La BBC a contacté Mme Thorne et M. Gujjar, et tous deux ont confirmé que ces comptes n'étaient pas les leurs.

Bien que très semblable à un bot, tous les comptes étudiés n'étaient pas inauthentiques.

Prenez un profil, créé en février 2022 avec des tweets à partir du 2 mars. Il n'a pas d'adeptes. En fouillant sa photo de profil, la BBC est tombée sur le compte d'un jeune Indien sur LinkedIn.

Mais il est authentique, et mis en place par Senthil Kumar, un ingénieur aéronautique. Nous lui avons demandé pourquoi il avait créé un compte juste pour retweeter des messages pro-russes.

« Habituellement, j'ouvre Twitter et je vois ce qui est tendance. J'ai donc vu ces messages et je les ai simplement retweetés », a-t-il déclaré. Il pense que la Russie a soutenu l'Inde dans le passé, et que les Indiens devraient maintenant soutenir la Russie. Et son profil était nouveau, a-t-il dit, parce qu'il avait oublié le mot de passe de son compte précédent.

Pas l'Occident

Les comptes tweetent un mélange de critiques des pays occidentaux, expriment la solidarité entre les pays dits Brics (Brésil, Russie, Inde, Chine, Afrique du Sud) et offrent un soutien direct à M. Poutine.

« Nous avons par défaut l'idée que les campagnes d'information seront dirigées vers l'Occident. Pourtant, aucun des récits ne s'adressait à l'Occident ni ne prétendait provenir de l'Occident », explique M. Miller.

Pour identifier ce qui pourrait être un groupe de comptes inauthentiques, ajoute-t-il, les chercheurs examinent les dates de création des comptes, un modèle de tweet « inhumain » (comme un compte tweetant 24 heures sur 24) et l'éventail des sujets tweetés.

« Aucun de ces éléments ne constitue en soi une preuve irréfutable, mais ils s'additionnent tous pour nous permettre de voir si une communauté donnée de comptes semble suspecte », explique M. Miller.

L'absence d'une véritable photo de profil peut également être un signe révélateur.

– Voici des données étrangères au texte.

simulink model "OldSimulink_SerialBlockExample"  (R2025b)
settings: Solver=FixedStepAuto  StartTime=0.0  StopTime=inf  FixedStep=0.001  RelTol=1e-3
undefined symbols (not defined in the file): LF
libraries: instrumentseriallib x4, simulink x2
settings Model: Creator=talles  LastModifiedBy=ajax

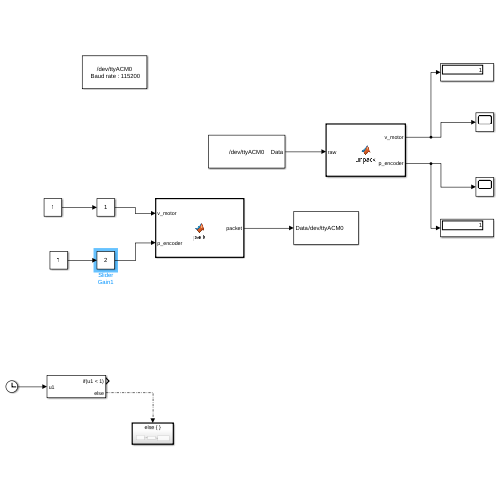
[thumbnail: Simulink's stored preview of the top-level diagram]
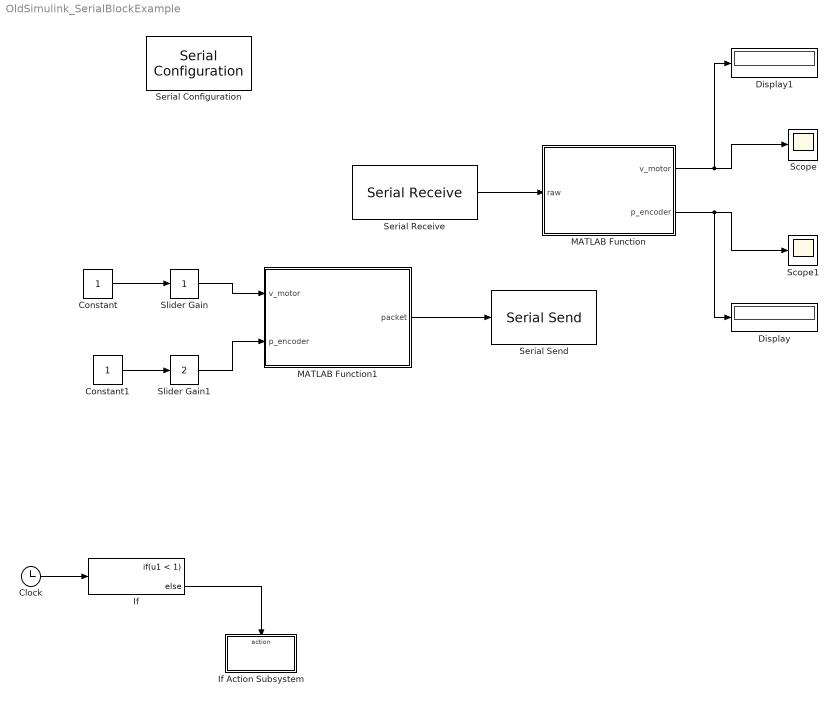
== system OldSimulink_SerialBlockExample ==
  Clock : Clock
  Constant : Constant
  Constant1 : Constant
  Display : Display
  Display1 : Display
  If : If  IfExpression=u1 < 1
  If Action Subsystem : Subsystem  TreatAsAtomicUnit=on
  MATLAB Function : MATLAB Function  TreatAsAtomicUnit=on
  MATLAB Function1 : MATLAB Function  TreatAsAtomicUnit=on
  Scope : Scope
  Scope1 : Scope
      settings: ActiveDisplayYMinimum=0.9  ActiveDisplayYMaximum=1.1
  Serial Configuration : instrumentseriallib/Serial Configuration  Priority=-200000  PortSel=/dev/ttyACM0  Port=/dev/ttyACM0  ComPort=/dev/ttyACM0  BaudRate=115200  DataBits=8  Parity=none  StopBits=1  ByteOrder=little-endian  FlowControl=none  Timeout=0.0001  SimulateUsing=Interpreted execution  BlockInModel=on  aMode=1
      settings: LibrarySourceBlock=embeddedtargetslib/Host Communication/Serial Configuration
  Serial Receive : instrumentseriallib/Serial Receive  Priority=1  PortSel=/dev/ttyACM0  Port=/dev/ttyACM0  ComPort=/dev/ttyACM0  DataType=uint8  SaveDataType=uint8  ToggleHeader=on  Header=['#']  ToggleDataSize=on  DataSize=[1 18]  ToggleTerminator=on  Terminator=LF ('\n')  CustomTerminator=[]  InputFormat=Column major  EnableBlockingMode=on  ActionDataUnavailable=Output last received value  ActionWhenDataUnavailable=Output last received value  CustomValue=0  SampleTime=0.01  SimulateUsing=Interpreted execution  BlockInModel=on  aMode=1  LibraryInUse=instrumentlib
  Serial Send : instrumentseriallib/Serial Send  Priority=1  PortSel=/dev/ttyACM0  Port=/dev/ttyACM0  ComPort=/dev/ttyACM0  Header=['#']  Terminator=LF ('\n')  CustomTerminator=[]  EnableBlockingMode=on  SimulateUsing=Interpreted execution  BlockInModel=on  aMode=1
      settings: LibrarySourceBlock=embeddedtargetslib/Host Communication/Serial Send
  Slider Gain : simulink/Math Operations/Slider Gain  gain=1  low=0  high=2
  Slider Gain1 : simulink/Math Operations/Slider Gain  gain=2  low=0  high=2
  wires:
  Clock/1 -> If/1
  If/2 -> If Action Subsystem/Action
  MATLAB Function1/1(packet) -> Serial Send/1
  Slider Gain/1 -> MATLAB Function1/1(v_motor)
  Slider Gain1/1 -> MATLAB Function1/2(p_encoder)
  Constant1/1 -> Slider Gain1/1
  Constant/1 -> Slider Gain/1
  MATLAB Function/2(p_encoder) -> Display/1, Scope1/1
  MATLAB Function/1(v_motor) -> Display1/1, Scope/1
  Serial Receive/1 -> MATLAB Function/1(raw)

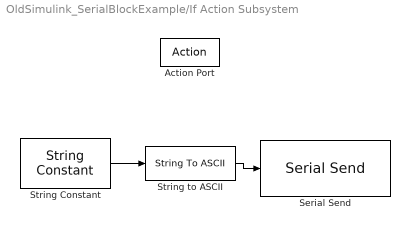
== system OldSimulink_SerialBlockExample/If Action Subsystem ==
  Action Port : ActionPort  ActionPortLabel=else
  Serial Send : instrumentseriallib/Serial Send  Priority=1  PortSel=/dev/ttyACM0  Port=/dev/ttyACM0  ComPort=/dev/ttyACM0  Header=[]  Terminator=LF ('\n')  CustomTerminator=[]  EnableBlockingMode=on  SimulateUsing=Interpreted execution  BlockInModel=on  aMode=1
  String Constant : StringConstant  String="\"1111,5556\""
  String to ASCII : StringToASCII
  wires:
  String Constant/1 -> String to ASCII/1
  String to ASCII/1 -> Serial Send/1

== matlab function OldSimulink_SerialBlockExample/MATLAB Function ==
  data: raw input; v_motor output; p_encoder output
function [v_motor, p_encoder] = unpack(raw)

% Cast inputs and outputs explicitly so Simulink can infer types
str = char(raw(:)');

vals = sscanf(str(2:end), '%d,%d');

% Force scalar double outputs — Simulink needs this to be unambiguous
if numel(vals) >= 2
    v_motor   = double(vals(1));
    p_encoder = double(vals(2));
else
    v_motor   = double(0);
    p_encoder = double(0);
end

== matlab function OldSimulink_SerialBlockExample/MATLAB Function1 ==
  data: v_motor input; packet output; p_encoder input
function packet = pack(v_motor, p_encoder)

str = sprintf('#%+07d,%+07d\n', int32(v_motor), int32(p_encoder));

% Tell Simulink: packet is always exactly 18 uint8 elements
packet = uint8(zeros(1, 17));
for i = 1:17
    packet(i) = uint8(str(i));
end

Sur un échantillon de 100 comptes suivis par CASM, la BBC a constaté que 41 n'avaient pas de photos de profil. 30 autres avaient des illustrations ou des photos de personnalités comme M. Poutine ou le directeur général de Facebook, Mark Zuckerberg. Seul un quart d'entre eux avaient des photos représentant des personnes - et certaines d'entre elles ont été volées.

Twitter interdit l'usurpation d'identité d'« individus, de groupes ou d'organisations pour induire en erreur, confondre ou tromper les autres ».

La société nous a dit que depuis le début de la guerre, elle a supprimé plus de 100 000 comptes pour violation de sa politique de manipulation de plate-forme et de spam, y compris la suspension de dizaines de comptes liés aux hashtags #IStandWithRussia et #IStandWithPutin.

Twitter dit avoir enquêté et suspendu des centaines de comptes signalés par les recherches de CASM et envoyés à la plate-forme par la BBC, y compris 11 comptes sur 12 spécifiquement signalés par nous pour avoir utilisé les photos de profil d'autres personnes.

Mais il a déclaré qu'il n'avait trouvé aucune preuve d'une coordination généralisée pour amplifier artificiellement le sentiment autour de la guerre en Ukraine.